The picures are showing up as red X's for me


----------



## Rumy91989 (Dec 31, 2012)

I'm not seeing the pics either. Try again?


----------



## Kaliloca (Jan 24, 2013)

Congratulations on your mouse litter.  

Seven babies is a nice litter for a first time mom. Sort of that perfect not too many or few. 

I love your male. Angora mice are so cute. 

He he really large is is that his hair making him look so big? 

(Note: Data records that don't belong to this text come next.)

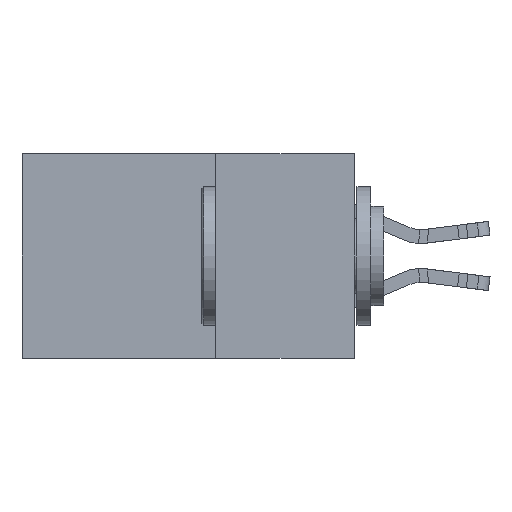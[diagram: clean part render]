
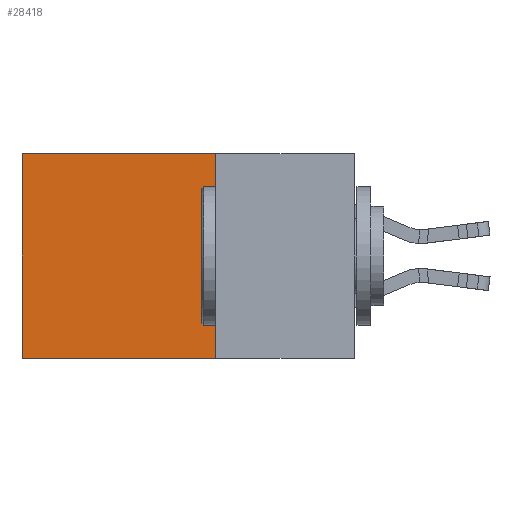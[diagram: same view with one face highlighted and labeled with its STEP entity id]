
A CAD part, left-side view. The second image highlights one B-rep face of the part: STEP entity #28418.
In plain terms, the highlighted planar face has unit normal (-1, 0, 0).
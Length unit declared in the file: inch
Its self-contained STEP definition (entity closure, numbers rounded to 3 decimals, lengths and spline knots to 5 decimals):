
#646 = PLANE ( 'NONE',  #24469 ) ;
#899 = ORIENTED_EDGE ( 'NONE', *, *, #10973, .F. ) ;
#2801 = ORIENTED_EDGE ( 'NONE', *, *, #21234, .T. ) ;
#3026 = DIRECTION ( 'NONE',  ( 0., 0., -1. ) ) ;
#3306 = LINE ( 'NONE', #17818, #19442 ) ;
#3746 = FACE_OUTER_BOUND ( 'NONE', #8524, .T. ) ;
#3938 = VERTEX_POINT ( 'NONE', #10674 ) ;
#6717 = CARTESIAN_POINT ( 'NONE',  ( 0.298, 0.6, 0. ) ) ;
#6961 = CARTESIAN_POINT ( 'NONE',  ( 0.298, 0.25, -0.37 ) ) ;
#8524 = EDGE_LOOP ( 'NONE', ( #2801, #10855, #899, #27915 ) ) ;
#8530 = LINE ( 'NONE', #6961, #29389 ) ;
#9445 = VERTEX_POINT ( 'NONE', #30201 ) ;
#9523 = EDGE_CURVE ( 'NONE', #29016, #9445, #8530, .T. ) ;
#10006 = CARTESIAN_POINT ( 'NONE',  ( 0.298, 0.25, 0. ) ) ;
#10674 = CARTESIAN_POINT ( 'NONE',  ( 0.298, 0.25, 0. ) ) ;
#10855 = ORIENTED_EDGE ( 'NONE', *, *, #9523, .F. ) ;
#10973 = EDGE_CURVE ( 'NONE', #3938, #29016, #3306, .T. ) ;
#11808 = DIRECTION ( 'NONE',  ( 0., 1., 0. ) ) ;
#12705 = EDGE_CURVE ( 'NONE', #3938, #30194, #25399, .T. ) ;
#13142 = CARTESIAN_POINT ( 'NONE',  ( 0.298, 0.25, 0. ) ) ;
#15735 = DIRECTION ( 'NONE',  ( 0., 1., 0. ) ) ;
#17818 = CARTESIAN_POINT ( 'NONE',  ( 0.298, 0.25, 0. ) ) ;
#19442 = VECTOR ( 'NONE', #24754, 39.37008 ) ;
#20228 = CARTESIAN_POINT ( 'NONE',  ( 0.298, 0.25, -0.37 ) ) ;
#20658 = VECTOR ( 'NONE', #15735, 39.37008 ) ;
#21234 = EDGE_CURVE ( 'NONE', #30194, #9445, #26703, .T. ) ;
#24469 = AXIS2_PLACEMENT_3D ( 'NONE', #10006, #26364, #3026 ) ;
#24754 = DIRECTION ( 'NONE',  ( 0., 0., -1. ) ) ;
#25399 = LINE ( 'NONE', #13142, #20658 ) ;
#26364 = DIRECTION ( 'NONE',  ( 1., 0., 0. ) ) ;
#26703 = LINE ( 'NONE', #6717, #29245 ) ;
#27718 = DIRECTION ( 'NONE',  ( 0., 0., -1. ) ) ;
#27915 = ORIENTED_EDGE ( 'NONE', *, *, #12705, .T. ) ;
#28151 = CARTESIAN_POINT ( 'NONE',  ( 0.298, 0.6, 0. ) ) ;
#28418 = ADVANCED_FACE ( 'NONE', ( #3746 ), #646, .F. ) ;
#29016 = VERTEX_POINT ( 'NONE', #20228 ) ;
#29245 = VECTOR ( 'NONE', #27718, 39.37008 ) ;
#29389 = VECTOR ( 'NONE', #11808, 39.37008 ) ;
#30194 = VERTEX_POINT ( 'NONE', #28151 ) ;
#30201 = CARTESIAN_POINT ( 'NONE',  ( 0.298, 0.6, -0.37 ) ) ;
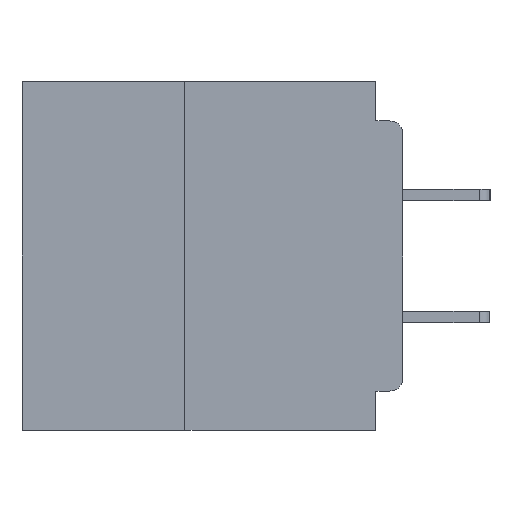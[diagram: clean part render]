
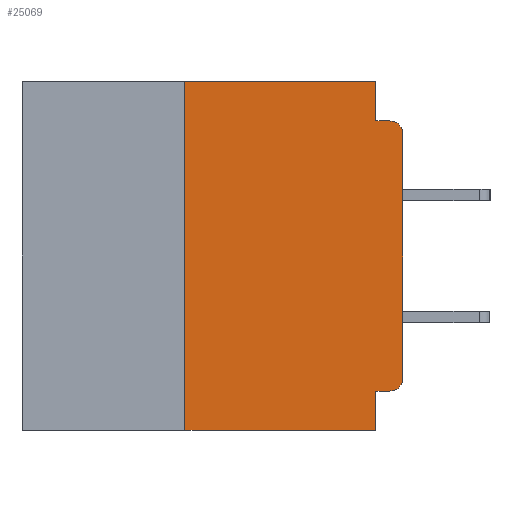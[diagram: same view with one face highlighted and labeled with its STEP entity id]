
A CAD part, left-side view. The second image highlights one B-rep face of the part: STEP entity #25069.
In plain terms, the highlighted planar face has unit normal (-1, 0, 0).
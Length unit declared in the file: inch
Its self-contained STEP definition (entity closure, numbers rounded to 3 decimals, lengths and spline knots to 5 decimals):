
#36 = LINE ( 'NONE', #47052, #19024 ) ;
#245 = VECTOR ( 'NONE', #14781, 39.37008 ) ;
#1852 = ORIENTED_EDGE ( 'NONE', *, *, #39731, .T. ) ;
#2268 = EDGE_CURVE ( 'NONE', #35484, #42537, #36, .T. ) ;
#2292 = VERTEX_POINT ( 'NONE', #10347 ) ;
#3640 = VERTEX_POINT ( 'NONE', #25301 ) ;
#4124 = DIRECTION ( 'NONE',  ( -1., 0., 0. ) ) ;
#5423 = AXIS2_PLACEMENT_3D ( 'NONE', #28297, #4124, #32290 ) ;
#5467 = VECTOR ( 'NONE', #40495, 39.37008 ) ;
#7415 = VERTEX_POINT ( 'NONE', #28160 ) ;
#9347 = EDGE_CURVE ( 'NONE', #13931, #35484, #47266, .T. ) ;
#9998 = EDGE_LOOP ( 'NONE', ( #44794, #1852, #27668, #20226, #18039, #28305, #39661, #12211, #11910, #21364 ) ) ;
#10347 = CARTESIAN_POINT ( 'NONE',  ( 0., 0.031, -0.355 ) ) ;
#10593 = CARTESIAN_POINT ( 'NONE',  ( 0., 0.25, 0. ) ) ;
#11910 = ORIENTED_EDGE ( 'NONE', *, *, #22508, .F. ) ;
#12211 = ORIENTED_EDGE ( 'NONE', *, *, #32802, .F. ) ;
#12296 = LINE ( 'NONE', #42701, #245 ) ;
#13057 = DIRECTION ( 'NONE',  ( 0., 0., 1. ) ) ;
#13791 = CARTESIAN_POINT ( 'NONE',  ( 0., 0.031, -0.045 ) ) ;
#13931 = VERTEX_POINT ( 'NONE', #36055 ) ;
#14126 = VERTEX_POINT ( 'NONE', #21424 ) ;
#14781 = DIRECTION ( 'NONE',  ( 0., -1., 0. ) ) ;
#15760 = EDGE_CURVE ( 'NONE', #35958, #22949, #42379, .T. ) ;
#16625 = CARTESIAN_POINT ( 'NONE',  ( 0., 0., -0.045 ) ) ;
#17441 = VECTOR ( 'NONE', #49852, 39.37008 ) ;
#17563 = LINE ( 'NONE', #16625, #5467 ) ;
#18039 = ORIENTED_EDGE ( 'NONE', *, *, #50162, .F. ) ;
#19012 = CARTESIAN_POINT ( 'NONE',  ( 0., 0.437, 0. ) ) ;
#19024 = VECTOR ( 'NONE', #13057, 39.37008 ) ;
#19652 = EDGE_CURVE ( 'NONE', #14126, #7415, #37373, .T. ) ;
#20226 = ORIENTED_EDGE ( 'NONE', *, *, #15760, .F. ) ;
#20230 = LINE ( 'NONE', #42962, #50739 ) ;
#21364 = ORIENTED_EDGE ( 'NONE', *, *, #9347, .T. ) ;
#21424 = CARTESIAN_POINT ( 'NONE',  ( 0., 0.25, -0.4 ) ) ;
#21997 = DIRECTION ( 'NONE',  ( 0., 0., -1. ) ) ;
#22012 = CARTESIAN_POINT ( 'NONE',  ( 0., 0.437, -0.4 ) ) ;
#22178 = CIRCLE ( 'NONE', #5423, 0.015 ) ;
#22444 = CARTESIAN_POINT ( 'NONE',  ( 0., 0.031, 0. ) ) ;
#22455 = VECTOR ( 'NONE', #21997, 39.37008 ) ;
#22508 = EDGE_CURVE ( 'NONE', #13931, #2292, #20230, .T. ) ;
#22869 = DIRECTION ( 'NONE',  ( -1., 0., 0. ) ) ;
#22949 = VERTEX_POINT ( 'NONE', #13791 ) ;
#23034 = PLANE ( 'NONE',  #46530 ) ;
#25069 = ADVANCED_FACE ( 'NONE', ( #34624 ), #23034, .F. ) ;
#25301 = CARTESIAN_POINT ( 'NONE',  ( 0., 0.015, -0.045 ) ) ;
#27051 = CARTESIAN_POINT ( 'NONE',  ( 0., 0.25, -0.4 ) ) ;
#27059 = DIRECTION ( 'NONE',  ( 0., 0., -1. ) ) ;
#27668 = ORIENTED_EDGE ( 'NONE', *, *, #28145, .F. ) ;
#28145 = EDGE_CURVE ( 'NONE', #22949, #3640, #17563, .T. ) ;
#28160 = CARTESIAN_POINT ( 'NONE',  ( 0., 0.031, -0.4 ) ) ;
#28297 = CARTESIAN_POINT ( 'NONE',  ( 0., 0.015, -0.06 ) ) ;
#28305 = ORIENTED_EDGE ( 'NONE', *, *, #50224, .F. ) ;
#28885 = DIRECTION ( 'NONE',  ( 0., 0., -1. ) ) ;
#31090 = VECTOR ( 'NONE', #28885, 39.37008 ) ;
#32290 = DIRECTION ( 'NONE',  ( 0., 0., -1. ) ) ;
#32802 = EDGE_CURVE ( 'NONE', #2292, #7415, #41686, .T. ) ;
#34624 = FACE_OUTER_BOUND ( 'NONE', #9998, .T. ) ;
#34686 = AXIS2_PLACEMENT_3D ( 'NONE', #46702, #22869, #50695 ) ;
#35484 = VERTEX_POINT ( 'NONE', #39526 ) ;
#35958 = VERTEX_POINT ( 'NONE', #22444 ) ;
#36055 = CARTESIAN_POINT ( 'NONE',  ( 0., 0.015, -0.355 ) ) ;
#37373 = LINE ( 'NONE', #22012, #17441 ) ;
#37921 = VECTOR ( 'NONE', #43031, 39.37008 ) ;
#38862 = DIRECTION ( 'NONE',  ( 1., 0., 0. ) ) ;
#39000 = VERTEX_POINT ( 'NONE', #10593 ) ;
#39171 = LINE ( 'NONE', #27051, #37921 ) ;
#39526 = CARTESIAN_POINT ( 'NONE',  ( 0., 0., -0.34 ) ) ;
#39661 = ORIENTED_EDGE ( 'NONE', *, *, #19652, .T. ) ;
#39731 = EDGE_CURVE ( 'NONE', #42537, #3640, #22178, .T. ) ;
#40495 = DIRECTION ( 'NONE',  ( 0., -1., 0. ) ) ;
#41686 = LINE ( 'NONE', #48864, #31090 ) ;
#42379 = LINE ( 'NONE', #45666, #22455 ) ;
#42537 = VERTEX_POINT ( 'NONE', #49404 ) ;
#42701 = CARTESIAN_POINT ( 'NONE',  ( 0., 0.437, 0. ) ) ;
#42962 = CARTESIAN_POINT ( 'NONE',  ( 0., 0., -0.355 ) ) ;
#43031 = DIRECTION ( 'NONE',  ( 0., 0., 1. ) ) ;
#44794 = ORIENTED_EDGE ( 'NONE', *, *, #2268, .T. ) ;
#45666 = CARTESIAN_POINT ( 'NONE',  ( 0., 0.031, 0. ) ) ;
#46530 = AXIS2_PLACEMENT_3D ( 'NONE', #19012, #38862, #27059 ) ;
#46702 = CARTESIAN_POINT ( 'NONE',  ( 0., 0.015, -0.34 ) ) ;
#46975 = DIRECTION ( 'NONE',  ( 0., 1., 0. ) ) ;
#47052 = CARTESIAN_POINT ( 'NONE',  ( 0., 0., 0. ) ) ;
#47266 = CIRCLE ( 'NONE', #34686, 0.015 ) ;
#48864 = CARTESIAN_POINT ( 'NONE',  ( 0., 0.031, -0.4 ) ) ;
#49404 = CARTESIAN_POINT ( 'NONE',  ( 0., 0., -0.06 ) ) ;
#49852 = DIRECTION ( 'NONE',  ( 0., -1., 0. ) ) ;
#50162 = EDGE_CURVE ( 'NONE', #39000, #35958, #12296, .T. ) ;
#50224 = EDGE_CURVE ( 'NONE', #14126, #39000, #39171, .T. ) ;
#50695 = DIRECTION ( 'NONE',  ( 0., 0., -1. ) ) ;
#50739 = VECTOR ( 'NONE', #46975, 39.37008 ) ;
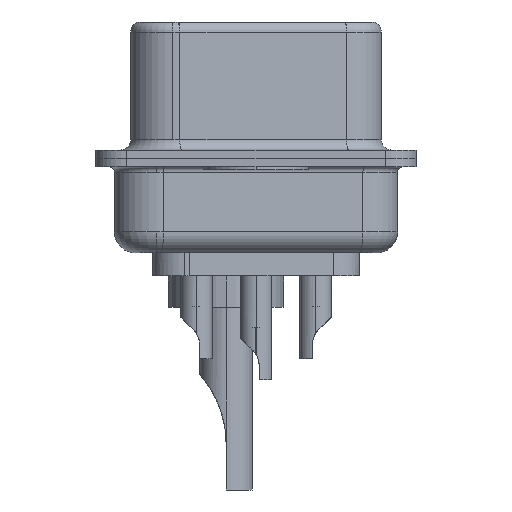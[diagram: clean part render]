
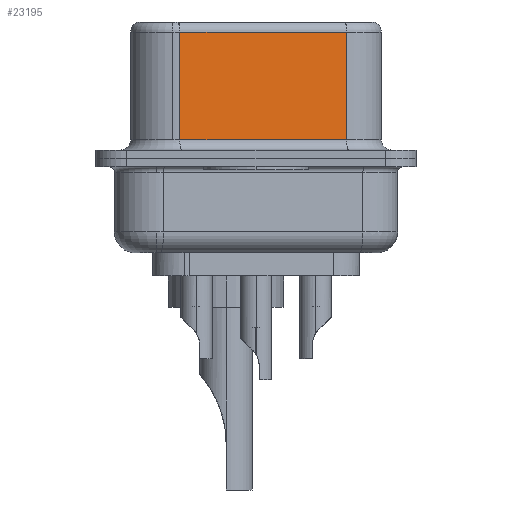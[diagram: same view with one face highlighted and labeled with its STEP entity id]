
A CAD part, left-side view. The second image highlights one B-rep face of the part: STEP entity #23195.
In plain terms, the highlighted planar face has unit normal (-0.985, -0.174, 0).
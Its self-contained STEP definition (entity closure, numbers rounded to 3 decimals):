
#1297 = CARTESIAN_POINT ( 'NONE',  ( 3.73, 3.628, 0.9 ) ) ;
#1875 = VERTEX_POINT ( 'NONE', #15012 ) ;
#2127 = LINE ( 'NONE', #15364, #23510 ) ;
#3246 = LINE ( 'NONE', #24680, #23362 ) ;
#5126 = CARTESIAN_POINT ( 'NONE',  ( 5.132, -4.322, 0.9 ) ) ;
#5265 = LINE ( 'NONE', #5126, #15690 ) ;
#5698 = PLANE ( 'NONE',  #9752 ) ;
#5825 = ORIENTED_EDGE ( 'NONE', *, *, #7973, .T. ) ;
#7198 = DIRECTION ( 'NONE',  ( 0.174, -0.985, 0. ) ) ;
#7771 = DIRECTION ( 'NONE',  ( 0.985, 0.174, 0. ) ) ;
#7973 = EDGE_CURVE ( 'NONE', #1875, #16313, #3246, .T. ) ;
#9752 = AXIS2_PLACEMENT_3D ( 'NONE', #16067, #7771, #22275 ) ;
#10219 = CARTESIAN_POINT ( 'NONE',  ( 5.132, -4.322, 6.02 ) ) ;
#10706 = DIRECTION ( 'NONE',  ( -0.174, 0.985, 0. ) ) ;
#12296 = EDGE_CURVE ( 'NONE', #12535, #14879, #2127, .T. ) ;
#12535 = VERTEX_POINT ( 'NONE', #10219 ) ;
#12932 = LINE ( 'NONE', #21034, #17774 ) ;
#13347 = EDGE_CURVE ( 'NONE', #16313, #14879, #5265, .T. ) ;
#13921 = ORIENTED_EDGE ( 'NONE', *, *, #13347, .T. ) ;
#14585 = ORIENTED_EDGE ( 'NONE', *, *, #20651, .T. ) ;
#14879 = VERTEX_POINT ( 'NONE', #21448 ) ;
#15012 = CARTESIAN_POINT ( 'NONE',  ( 3.73, 3.628, 6.02 ) ) ;
#15364 = CARTESIAN_POINT ( 'NONE',  ( 5.132, -4.322, 6.52 ) ) ;
#15690 = VECTOR ( 'NONE', #7198, 1000. ) ;
#16067 = CARTESIAN_POINT ( 'NONE',  ( 5.132, -4.322, 6.52 ) ) ;
#16313 = VERTEX_POINT ( 'NONE', #1297 ) ;
#17774 = VECTOR ( 'NONE', #10706, 1000. ) ;
#19103 = EDGE_LOOP ( 'NONE', ( #23836, #14585, #5825, #13921 ) ) ;
#20651 = EDGE_CURVE ( 'NONE', #12535, #1875, #12932, .T. ) ;
#21034 = CARTESIAN_POINT ( 'NONE',  ( 5.132, -4.322, 6.02 ) ) ;
#21173 = DIRECTION ( 'NONE',  ( 0., 0., -1. ) ) ;
#21448 = CARTESIAN_POINT ( 'NONE',  ( 5.132, -4.322, 0.9 ) ) ;
#21576 = DIRECTION ( 'NONE',  ( 0., 0., -1. ) ) ;
#22275 = DIRECTION ( 'NONE',  ( -0.174, 0.985, 0. ) ) ;
#23195 = ADVANCED_FACE ( 'NONE', ( #25451 ), #5698, .F. ) ;
#23362 = VECTOR ( 'NONE', #21173, 1000. ) ;
#23510 = VECTOR ( 'NONE', #21576, 1000. ) ;
#23836 = ORIENTED_EDGE ( 'NONE', *, *, #12296, .F. ) ;
#24680 = CARTESIAN_POINT ( 'NONE',  ( 3.73, 3.628, 6.52 ) ) ;
#25451 = FACE_OUTER_BOUND ( 'NONE', #19103, .T. ) ;

I bet the babies are really cute too. 


Sadly, the only picture that is showing it the one of your male.


----------



## RosesRufflesandRats (Apr 25, 2013)

Oh dear, I can't see the pictures and I really want to!!! I love babies! Could you try again pretty pretty pretty please with twelve cherries and a swirl of whipped cream?


----------



## poodlecrazy1 (Apr 14, 2013)

I don't know why they are not showing for you guys but they are showing for me. I will try to post them again and see if it works.the first two pics are of the whole litter the third is the girls and the fourth is the boys. Its funny because the boy's scrotal area is black just like their dads is. I thought it was poo at first but no it is pigmented skin. Kaliloca I think it is just his long hair that is making him look big because he is quite small. I think even the girls are starting to get bigger than him. I thought 7 was a nice amount for a first time mom too.Like you said not to many not to few.Let me know if the pictures are working or not.


----------



## RosesRufflesandRats (Apr 25, 2013)

I can see them now! They are soooooo cute!!!!! Awww!!!!


----------



## poodlecrazy1 (Apr 14, 2013)

Yay!! I'm glad it worked they really are adorable. I will get some pics of them today and put them up in a bit. They are so black now. And it their white skin is becoming less translucent and more opaque.


----------



## poodlecrazy1 (Apr 14, 2013)

more pictures!
Whole litter








Girls








Boys








This is the black scrotal area that I was talking about its small but its there


----------



## poodlecrazy1 (Apr 14, 2013)

In case it didn't work again.
Boys, Girls, entire litter, Boy scrotal area


----------



## RosesRufflesandRats (Apr 25, 2013)

Weird, it didn't work the first one but your second one did. So precious! So teeny!!!!


----------



## poodlecrazy1 (Apr 14, 2013)

Ya I guess copy and paste doesn't work but uploading them did so that's what I will do from now on. They really are tiny! Starting to get a a little less delicate now.


----------



## LisaPizza (Nov 7, 2012)

They are adorable! I especially love the one with the black head & butt! The pattern look like a little jigsaw puzzle xD

Edit: and the one on the third picture at the bottom looks like she has the Batman symbol on her :O


----------



## FallDeere (Sep 29, 2011)

LisaPizza said:


> Edit: and the one on the third picture at the bottom looks like she has the Batman symbol on her :O


It totally does! That's awesome! Can I have the little Batman baby please? ^_^ lol, I kid. Nine rats, two gerbils, and two poodles is my limit. No mice for me... yet. Even if it's a batman mouse.  (but if you weren't in California, I would probably steal it anyways.)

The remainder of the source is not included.